Saved entries
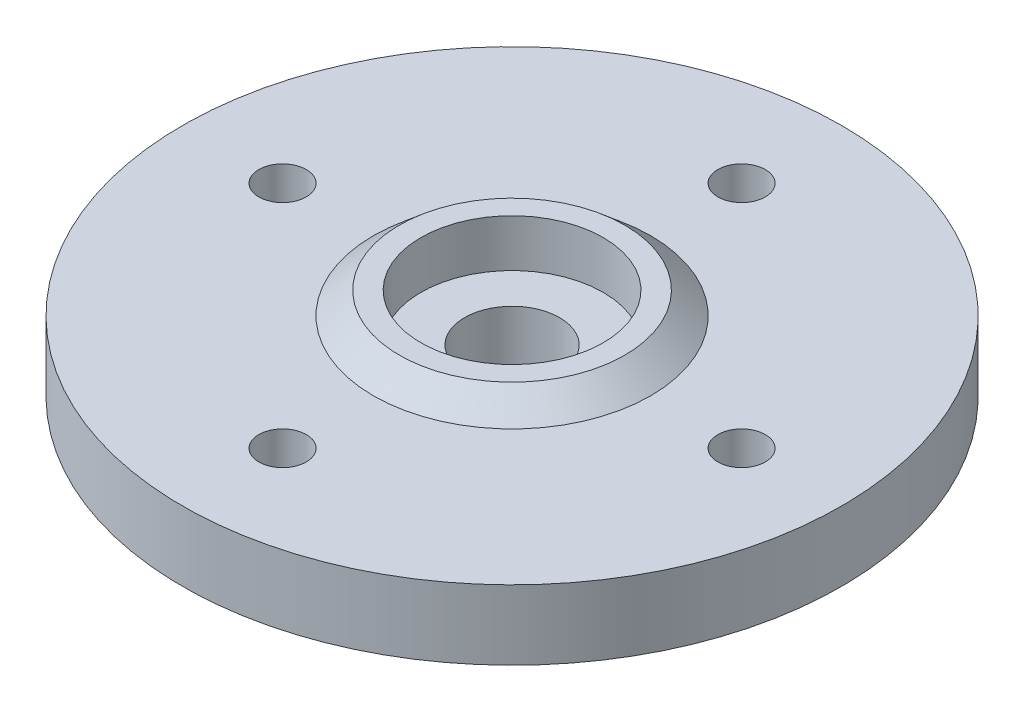
SolidWorks part; units mm, degrees
ref_plane "前视基准面" through (0, 0, 0) normal (0, 0, 1) x (1, 0, 0)
ref_plane "上视基准面" through (0, 0, 0) normal (0, 1, 0) x (1, 0, 0)
ref_plane "右视基准面" through (0, 0, 0) normal (1, 0, 0) x (0, 0, -1)
other "Configuration Table"
sketch "草图1" plane through (0, 0, 0) normal (0, 0, 1) x (1, 0, 0)
  line L0 (-2.88, 0) -> (-2.88, 2.9)
  line L1 (-2.88, 2.9) -> (-1.5, 2.9)
  line L2 (-1.5, 2.9) -> (-1.5, 4.6)
  line L3 (-1.5, 4.6) -> (-2.88, 4.6)
  line L4 (-2.88, 4.6) -> (-2.88, 6.1)
  line L5 (-2.88, 6.1) -> (-3.56, 6.1)
  line L6 (-3.56, 6.1) -> (-4.38, 5.4)
  line L7 (-4.38, 5.4) -> (-10.41, 5.4)
  line L8 (-10.41, 5.4) -> (-10.41, 3.2)
  line L9 (-10.41, 3.2) -> (-4.33, 3.2)
  line L10 (-4.33, 3.2) -> (-4.33, 0)
  line L11 (-4.33, 0) -> (-2.88, 0)
  line L12 (0, 0) -> (0, 0.9681) construction
  dimension "D1" = 1.45
  dimension "D2" = 3
  dimension "D3" = 5.76
  dimension "D4" = 2.9
  dimension "D5" = 1.7
  dimension "D6" = 1.5
  dimension "D7" = 0.68
  dimension "D8" = 2.2
  dimension "D9" = 6.03
  dimension "D10" = 6.08
  dimension "D11" = 3.2
revolve "旋转1" add sketch "草图1" angle 360 about L12
sketch "草图2" plane through (0, 5.4, 0) normal (0, 1, 0) x (1, 0, 0)
  line L0 (0, 0) -> (0, 7.25) construction
  circle A0 centre (0, 7.25) radius 0.75
  circle A1 centre (7.25, 0) radius 0.75
  circle A2 centre (0, -7.25) radius 0.75
  circle A3 centre (-7.25, 0) radius 0.75
  point P12 (0, 0)
  dimension "D2" = 1.5
  dimension "D1" = 7.25
  dimension "D3" = 4
extrude "转盘孔-切除-拉伸" cut sketch "草图2" against normal through all

Your goal
Could you copy, exactly and with no pictures, each line from the first one above to the line holding "line L7 (-4.38, 5.4) -> (-10.41, 5.4)"?

Reply to the exercise
SolidWorks part; units mm, degrees
ref_plane "前视基准面" through (0, 0, 0) normal (0, 0, 1) x (1, 0, 0)
ref_plane "上视基准面" through (0, 0, 0) normal (0, 1, 0) x (1, 0, 0)
ref_plane "右视基准面" through (0, 0, 0) normal (1, 0, 0) x (0, 0, -1)
other "Configuration Table"
sketch "草图1" plane through (0, 0, 0) normal (0, 0, 1) x (1, 0, 0)
  line L0 (-2.88, 0) -> (-2.88, 2.9)
  line L1 (-2.88, 2.9) -> (-1.5, 2.9)
  line L2 (-1.5, 2.9) -> (-1.5, 4.6)
  line L3 (-1.5, 4.6) -> (-2.88, 4.6)
  line L4 (-2.88, 4.6) -> (-2.88, 6.1)
  line L5 (-2.88, 6.1) -> (-3.56, 6.1)
  line L6 (-3.56, 6.1) -> (-4.38, 5.4)
  line L7 (-4.38, 5.4) -> (-10.41, 5.4)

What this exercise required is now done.